Stored records

________________

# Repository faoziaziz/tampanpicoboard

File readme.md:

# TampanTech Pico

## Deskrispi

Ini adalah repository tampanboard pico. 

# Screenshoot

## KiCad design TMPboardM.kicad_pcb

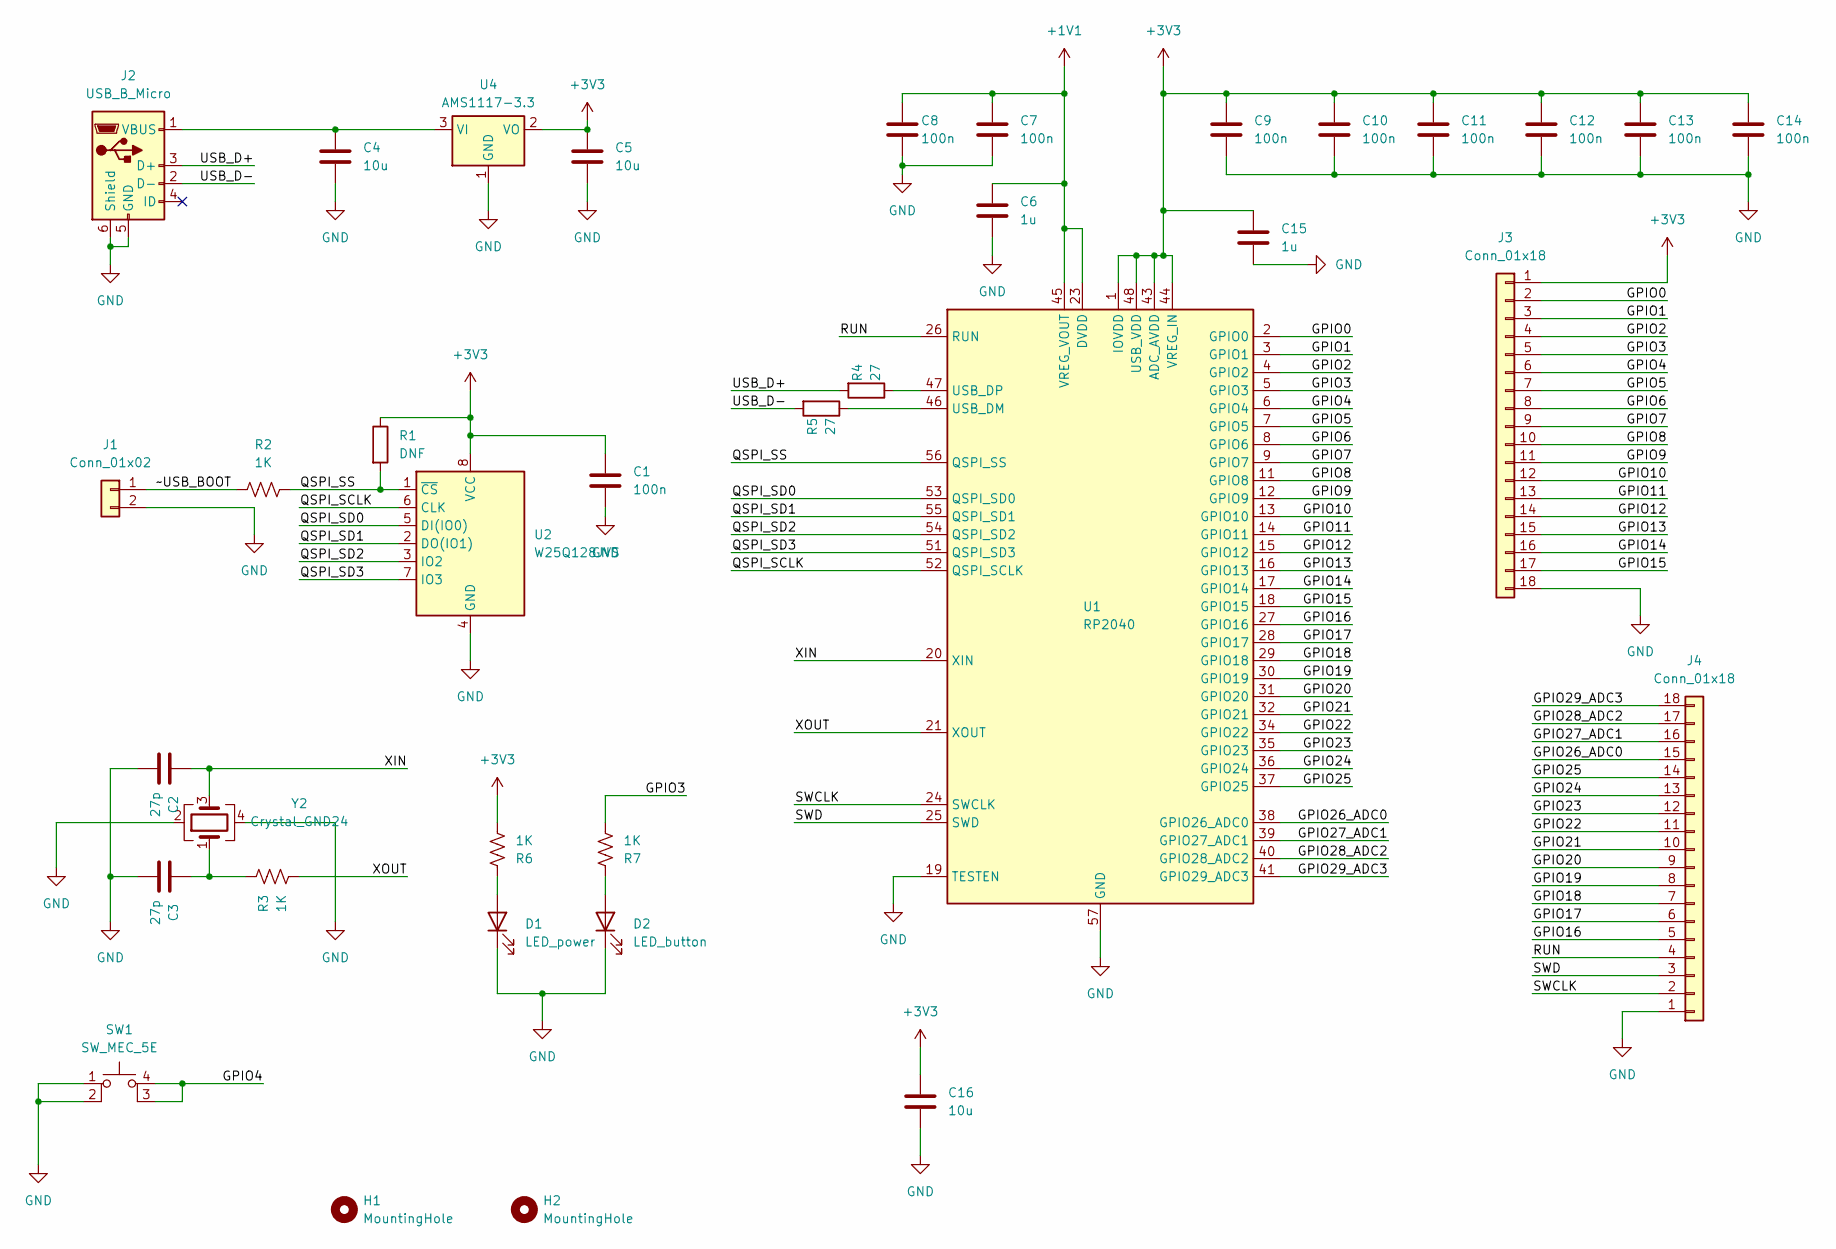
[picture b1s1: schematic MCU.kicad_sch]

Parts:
C1, C7, C8, C9, C10, C11, C12, C13, C14: 100n; C_0201_0603Metric_Pad0.64x0.40mm_HandSolder
C2, C3: 27p; C_0201_0603Metric_Pad0.64x0.40mm_HandSolder
C4, C5, C16: 10u; C_0402_1005Metric_Pad0.74x0.62mm_HandSolder
C6, C15: 1u; C_0201_0603Metric_Pad0.64x0.40mm_HandSolder
D1: LED_power; D_0603_1608Metric_Pad1.05x0.95mm_HandSolder
D2: LED_button; D_0603_1608Metric_Pad1.05x0.95mm_HandSolder
H1: MountingHole; MountingHole_2mm
H2: MountingHole; MountingHole_3mm
J1: Conn_01x02; PinSocket_1x02_P2.54mm_Vertical
J2: USB_B_Micro; USB_Micro-B_XKB_U254-051T-4BH83-F1S
J3, J4: Conn_01x18; PinSocket_1x18_P2.54mm_Vertical
R1: DNF; R_0201_0603Metric_Pad0.64x0.40mm_HandSolder
R2, R3, R6, R7: 1K; R_0201_0603Metric_Pad0.64x0.40mm_HandSolder
R4, R5: 27; R_0201_0603Metric_Pad0.64x0.40mm_HandSolder
SW1: SW_MEC_5E; SW_TP10721645
U1: RP2040; QFN-56-1EP_7x7mm_P0.4mm_EP3.2x3.2mm
U2: W25Q128JVS; SOIC-8_5.23x5.23mm_P1.27mm
U4: AMS1117-3.3; SOT-223-3_TabPin2
Y2: Crystal_GND24; Crystal_SMD_3225-4Pin_3.2x2.5mm_HandSoldering

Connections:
+1V1: C6.1, C7.1, C8.1, U1.23 (DVDD), U1.45 (VREG_VOUT), U1.50 (DVDD)
+3V3: C1.1, C5.1, C9.1, C10.1, C11.1, C12.1, C13.1, C14.1, C15.2, C16.1, J3.1, R1.1, R6.1, U1.1 (IOVDD), U1.10 (IOVDD), U1.22 (IOVDD), U1.33 (IOVDD), U1.42 (IOVDD), U1.43 (ADC_AVDD), U1.44 (VREG_IN), U1.48 (USB_VDD), U1.49 (IOVDD), U2.8 (VCC), U4.2 (VO)
/MicroController/GPIO0: J3.2, U1.2 (GPIO0)
/MicroController/GPIO1: J3.3, U1.3 (GPIO1)
/MicroController/GPIO2: J3.4, U1.4 (GPIO2)
/MicroController/GPIO3: J3.5, R7.1, U1.5 (GPIO3)
/MicroController/GPIO4: J3.6, SW1.3 (K), SW1.4 (A), U1.6 (GPIO4)
/MicroController/GPIO5: J3.7, U1.7 (GPIO5)
/MicroController/GPIO6: J3.8, U1.8 (GPIO6)
/MicroController/GPIO7: J3.9, U1.9 (GPIO7)
/MicroController/GPIO8: J3.10, U1.11 (GPIO8)
/MicroController/GPIO9: J3.11, U1.12 (GPIO9)
/MicroController/GPIO10: J3.12, U1.13 (GPIO10)
/MicroController/GPIO11: J3.13, U1.14 (GPIO11)
/MicroController/GPIO12: J3.14, U1.15 (GPIO12)
/MicroController/GPIO13: J3.15, U1.16 (GPIO13)
/MicroController/GPIO14: J3.16, U1.17 (GPIO14)
/MicroController/GPIO15: J3.17, U1.18 (GPIO15)
/MicroController/GPIO16: J4.5, U1.27 (GPIO16)
/MicroController/GPIO17: J4.6, U1.28 (GPIO17)
/MicroController/GPIO18: J4.7, U1.29 (GPIO18)
/MicroController/GPIO19: J4.8, U1.30 (GPIO19)
/MicroController/GPIO20: J4.9, U1.31 (GPIO20)
/MicroController/GPIO21: J4.10, U1.32 (GPIO21)
/MicroController/GPIO22: J4.11, U1.34 (GPIO22)
/MicroController/GPIO23: J4.12, U1.35 (GPIO23)
/MicroController/GPIO24: J4.13, U1.36 (GPIO24)
/MicroController/GPIO25: J4.14, U1.37 (GPIO25)
/MicroController/GPIO26_ADC0: J4.15, U1.38 (GPIO26_ADC0)
/MicroController/GPIO27_ADC1: J4.16, U1.39 (GPIO27_ADC1)
/MicroController/GPIO28_ADC2: J4.17, U1.40 (GPIO28_ADC2)
/MicroController/GPIO29_ADC3: J4.18, U1.41 (GPIO29_ADC3)
/MicroController/QSPI_SCLK: U1.52 (QSPI_SCLK), U2.6 (CLK)
/MicroController/QSPI_SD0: U1.53 (QSPI_SD0), U2.5 (DI(IO0))
/MicroController/QSPI_SD1: U1.55 (QSPI_SD1), U2.2 (DO(IO1))
/MicroController/QSPI_SD2: U1.54 (QSPI_SD2), U2.3 (IO2)
/MicroController/QSPI_SD3: U1.51 (QSPI_SD3), U2.7 (IO3)
/MicroController/QSPI_SS: R1.2, R2.2, U1.56 (QSPI_SS), U2.1 (~CS)
/MicroController/RUN: J4.4, U1.26 (RUN)
/MicroController/SWCLK: J4.2, U1.24 (SWCLK)
/MicroController/SWD: J4.3, U1.25 (SWD)
/MicroController/USB_D+: J2.3 (D+), R4.2
/MicroController/USB_D-: J2.2 (D-), R5.2
/MicroController/XIN: C2.2, U1.20 (XIN), Y2.3
/MicroController/XOUT: R3.1, U1.21 (XOUT)
/MicroController/~USB_BOOT: J1.1, R2.1
GND: C1.2, C2.1, C3.1, C4.2, C5.2, C6.2, C7.2, C8.2, C9.2, C10.2, C11.2, C12.2, C13.2, C14.2, C15.1, C16.2, D1.1 (K), D2.1 (K), J1.2, J2.5 (GND), J2.6 (Shield), J3.18, J4.1, SW1.1, SW1.2, U1.19 (TESTEN), U1.57 (GND), U2.4 (GND), U4.1 (GND), Y2.2, Y2.4
unnamed: C3.2, R3.2, Y2.1
unnamed: D1.2 (A), R6.2
unnamed: D2.2 (A), R7.2
unnamed: C4.1, J2.1 (VBUS), U4.3 (VI)
unnamed: R5.1, U1.46 (USB_DM)
unnamed: R4.1, U1.47 (USB_DP)

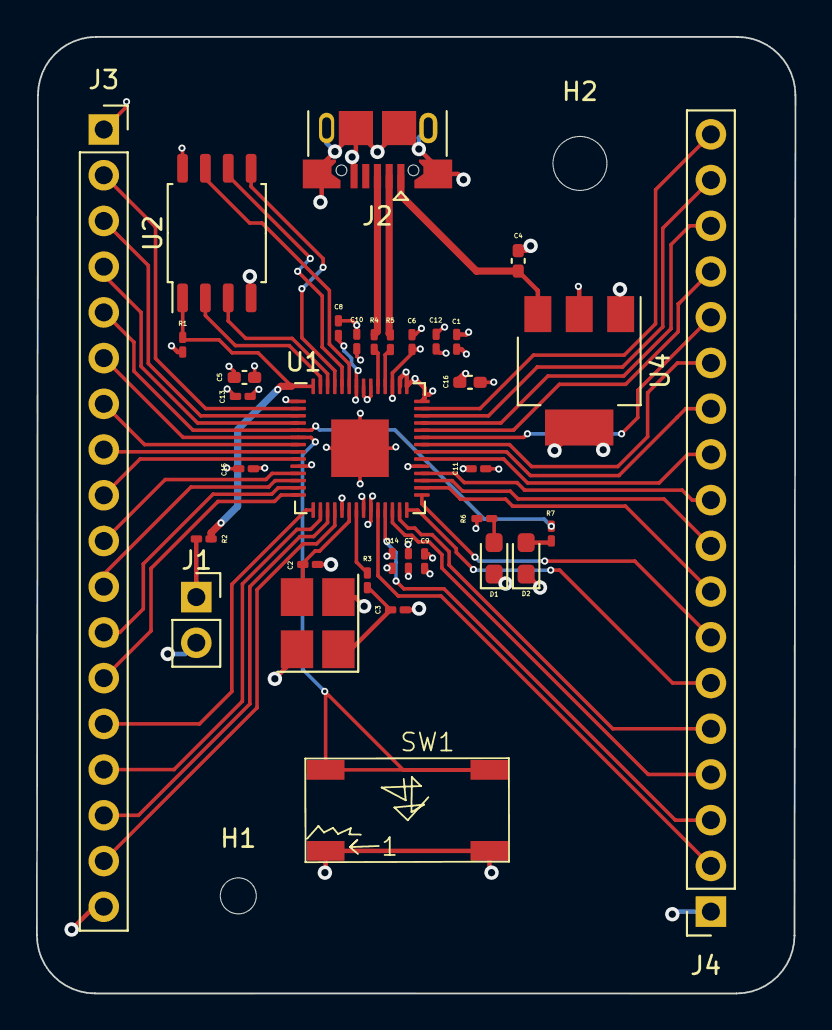
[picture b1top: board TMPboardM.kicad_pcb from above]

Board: 4 copper layers, 42.1 x 53.1 mm, 36 parts (0 on the bottom side), 53 nets.

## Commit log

2023-07-05 tampanpico
2023-07-05 mantap

________________

• [Exercise details] Return only the lines between the one holding "J3.8, U1.8 (GPIO6)" and the one holding "(QSPI_SD3), U2.7 (IO3)", inclusive, exactly as they appear above.

• [Answer box]
/MicroController/GPIO6: J3.8, U1.8 (GPIO6)
/MicroController/GPIO7: J3.9, U1.9 (GPIO7)
/MicroController/GPIO8: J3.10, U1.11 (GPIO8)
/MicroController/GPIO9: J3.11, U1.12 (GPIO9)
/MicroController/GPIO10: J3.12, U1.13 (GPIO10)
/MicroController/GPIO11: J3.13, U1.14 (GPIO11)
/MicroController/GPIO12: J3.14, U1.15 (GPIO12)
/MicroController/GPIO13: J3.15, U1.16 (GPIO13)
/MicroController/GPIO14: J3.16, U1.17 (GPIO14)
/MicroController/GPIO15: J3.17, U1.18 (GPIO15)
/MicroController/GPIO16: J4.5, U1.27 (GPIO16)
/MicroController/GPIO17: J4.6, U1.28 (GPIO17)
/MicroController/GPIO18: J4.7, U1.29 (GPIO18)
/MicroController/GPIO19: J4.8, U1.30 (GPIO19)
/MicroController/GPIO20: J4.9, U1.31 (GPIO20)
/MicroController/GPIO21: J4.10, U1.32 (GPIO21)
/MicroController/GPIO22: J4.11, U1.34 (GPIO22)
/MicroController/GPIO23: J4.12, U1.35 (GPIO23)
/MicroController/GPIO24: J4.13, U1.36 (GPIO24)
/MicroController/GPIO25: J4.14, U1.37 (GPIO25)
/MicroController/GPIO26_ADC0: J4.15, U1.38 (GPIO26_ADC0)
/MicroController/GPIO27_ADC1: J4.16, U1.39 (GPIO27_ADC1)
/MicroController/GPIO28_ADC2: J4.17, U1.40 (GPIO28_ADC2)
/MicroController/GPIO29_ADC3: J4.18, U1.41 (GPIO29_ADC3)
/MicroController/QSPI_SCLK: U1.52 (QSPI_SCLK), U2.6 (CLK)
/MicroController/QSPI_SD0: U1.53 (QSPI_SD0), U2.5 (DI(IO0))
/MicroController/QSPI_SD1: U1.55 (QSPI_SD1), U2.2 (DO(IO1))
/MicroController/QSPI_SD2: U1.54 (QSPI_SD2), U2.3 (IO2)
/MicroController/QSPI_SD3: U1.51 (QSPI_SD3), U2.7 (IO3)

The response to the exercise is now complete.